Раздался щелчок. Автомат не выстрелил. Патроны в магазине закончились. Сердце ухнуло, пропуская удар. Палач, не сводя с меня взгляда, достал из разгрузки новый магазин.

— У тебя есть время подумать над ответом, который меня устроит, малыш. Можешь считать недостающий патрон частью судьбы.

Спустя несколько секунд дуло снова уперлось мне в лоб. Палач ни на секунду не сводил с меня взгляда.

— Теперь ты веришь в бога?

— Мой бог остался прежним.

Раздался выстрел. Палач застрелил следующего человека в очереди вместо меня. Потом задавал тот же вопрос остальным приговоренным к смерти. Не считая индейца и темнокожего парня, только один из заложников смог дать ответ, устроивший этого сумасшедшего ублюдка. Команда чистильщиков начала оттаскивать тела, а я так и стоял на коленях перед палачом. Не живой, но и не мертвый.

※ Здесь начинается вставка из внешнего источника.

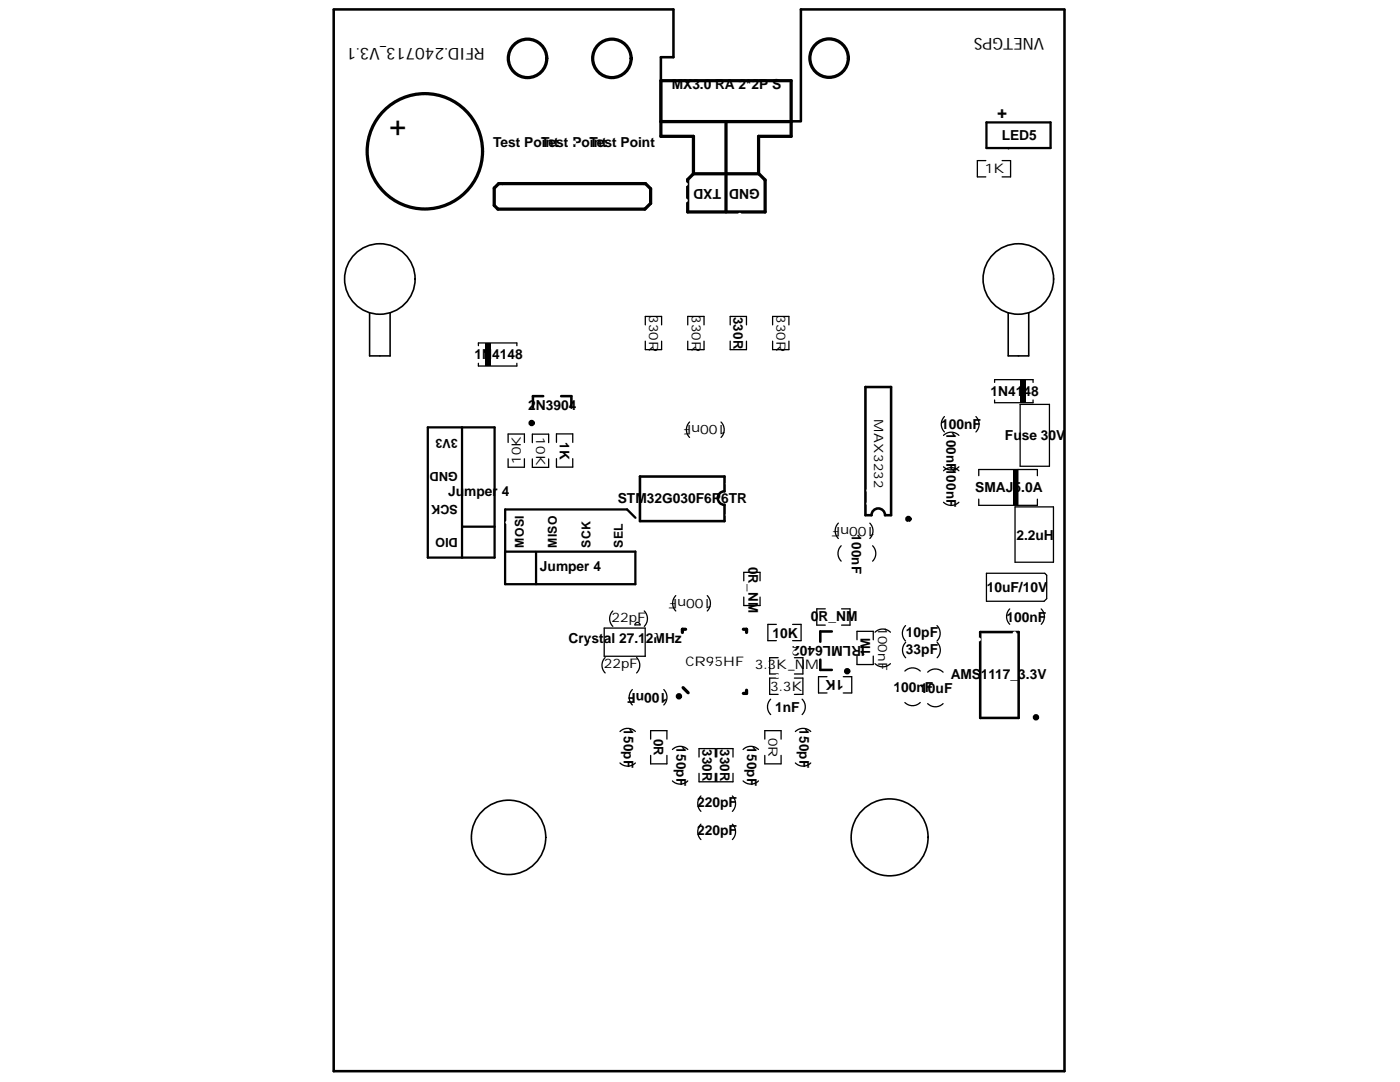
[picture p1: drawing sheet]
<svg xmlns="http://www.w3.org/2000/svg" width="279mm" height="216mm" viewBox="0 0 279 216" stroke-linecap="round" stroke-linejoin="round" font-family="sans-serif">
<g fill="none" stroke="#000" stroke-width=".65">
<path d="M131.9 16.1h26v11.1h-6.5v7.5h-13v-7.5h-6.5zM98.6 37.5l.9-.9h29.3l1 1.1v2.9l-1.1 1.1h-29.3l-.8-.7zM131.9 24.3h26M144.9 24.3v18M151.4 34.6l1.3 1.3v6.4h-15.5v-6.5l1.2-1.1M136.3 137.2l1 1M136.8 125.6h-.6v.6M148.4 125.6h.6v.6M149 137.7v.7h-.6"/>
<circle cx="105.3" cy="11.6" r="3.8"/>
<circle cx="122.1" cy="11.6" r="3.8"/>
<circle cx="165.5" cy="11.6" r="3.8"/>
<circle cx="84.8" cy="30.2" r="11.5"/>
</g>
<path d="M196.9 24.4h12.8v5.1h-12.8zM92.1 85.3h-6.7v26h6.7M126.8 103.3l-1.7-1.6h-24.3v8.4" fill="none" stroke="#000" stroke-width=".46"/>
<g fill="none" stroke="#000" stroke-width=".26">
<path d="M196.7 32h-1.6v3.3h1.6M200 32h1.7v3.3h-1.7M95.5 69v-.6h7.7v.6M95.5 72.5v.5h7.7v-.5M128.8 68.1v1.7h3.2v-1.7M128.8 64.8v-1.7h3.2v1.7M137.3 68.1v1.7h3.2v-1.7M137.3 64.8v-1.7h3.2v1.7M145.7 68.1v1.7h3.3v-1.7M145.7 64.8v-1.7h3.3v1.7M154.2 68.1v1.7h3.2v-1.7M154.2 64.8v-1.7h3.2v1.7"/>
<path d="M198.5 76.3v-.5h7.7v.5M198.5 79.8v.6h7.7v-.6M101.4 88.3v-1.7h3.3v1.7M101.4 91.5v1.7h3.3v-1.7M106.2 88.3v-1.7h3.3v1.7M106.2 91.6v1.7h3.3v-1.7M111.1 88.3v-1.7h3.2v1.7M111.1 91.5v1.7h3.2v-1.7M137.6 84.2a2.17 2.17 0 0 0 0 3.1M143.9 84.2a2.17 2.17 0 0 1 0 3.1M188.3 93.9a2.17 2.17 0 0 1 3.1 0M188.3 86.9a2.17 2.17 0 0 1 3.1 0"/>
<path d="M188.3 93.1a2.17 2.17 0 0 0 3.1 0M188.5 83.1a2.17 2.17 0 0 0 0 3.1M194.8 83.1a2.17 2.17 0 0 1 0 3.1M195.3 94.9v-1.2h11.7v1.2M195.3 99.6v1.2h11.7v-1.2M203.1 93.7v7.1M203.6 80.7h5.8v12.3h-5.8zM134.9 118.8a2.17 2.17 0 0 0 0 3.1M141.1 118.8a2.17 2.17 0 0 1 0 3.1M148.4 119.1v1.7h3.3v-1.7M148.4 115.9v-1.7h3.3v1.7M167.3 104.4a2.17 2.17 0 0 0 0 3.1"/>
<path d="M167.9 108.9a2.17 2.17 0 0 0 0 3.1M173.6 104.4a2.17 2.17 0 0 1 0 3.1M174.1 108.9a2.17 2.17 0 0 1 0 3.1M188.3 100.2a2.17 2.17 0 0 0 3.1 0M196.9 114.4h11.6l.4 .4v4.7l-.5 .5h-11.5zM202.6 101.1h7.6v11.1h-7.6zM120.6 125.3h8.2v5.6h-8.2zM120.8 131.2a2.17 2.17 0 0 0 0 3.1M122.3 121.9a2.17 2.17 0 0 0 0 3.1M126.2 137.6a2.17 2.17 0 0 0 0 3.1M126.8 124.4a.51 .51 0 0 1 .6-.2 .51 .51 0 0 1 .3 .5h-1zM127 131.2a2.17 2.17 0 0 1 0 3.1"/>
<path d="M128.6 121.9a2.17 2.17 0 0 1 0 3.1M132.5 137.6a2.17 2.17 0 0 1 0 3.1M153.8 139.5a2.17 2.17 0 0 0 0 3.1M154.9 124.6h-1.7v3.2h1.7M155.3 135.3h-1.7v3.3h1.7M155.3 131.2h-1.7v3.3h1.7M158.2 124.6h1.7v3.2h-1.7M158.5 135.3h1.7v3.3h-1.7M158.5 131.2h1.7v3.3h-1.7M160.1 139.5a2.17 2.17 0 0 1 0 3.1M164.7 121.5h-1.7v3.2h1.7M165 135h-1.6v3.3h1.6"/>
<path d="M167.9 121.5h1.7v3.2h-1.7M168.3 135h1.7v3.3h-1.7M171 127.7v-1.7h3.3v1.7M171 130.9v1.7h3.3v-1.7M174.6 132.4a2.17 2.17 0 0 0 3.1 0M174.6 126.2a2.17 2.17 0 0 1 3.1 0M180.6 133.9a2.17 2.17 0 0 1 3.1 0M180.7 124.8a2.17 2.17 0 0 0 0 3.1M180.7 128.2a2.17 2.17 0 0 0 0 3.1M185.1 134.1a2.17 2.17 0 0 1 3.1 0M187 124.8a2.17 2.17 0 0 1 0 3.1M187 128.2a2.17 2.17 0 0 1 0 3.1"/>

Палач встал передо мной, дожидаясь следующей партии людей на казнь. Достал бутылку воды из подсумка и начал пить.

— Раньше в христианстве наказывали стоянием на коленях на сушеном горохе. Спустя минуту боль была такой сильной, что ты просто не мог не думать о ней. Твое колено, — он указал дулом на меня, — сейчас упирается в кусочек чьего-то черепа.

— Это не имеет значения.

Палач кивнул, насколько ему позволяла жесткая броня на шее.

— Бог действует через наши руки. Видит нашими глазами и говорит нашими губами. Кажется, к этому сводится смысл большинства религий? Однако вера в нечто большее, чем ты сам, сильно укрепляет волю человека. Все мы умрем. Одни раньше, другие позже.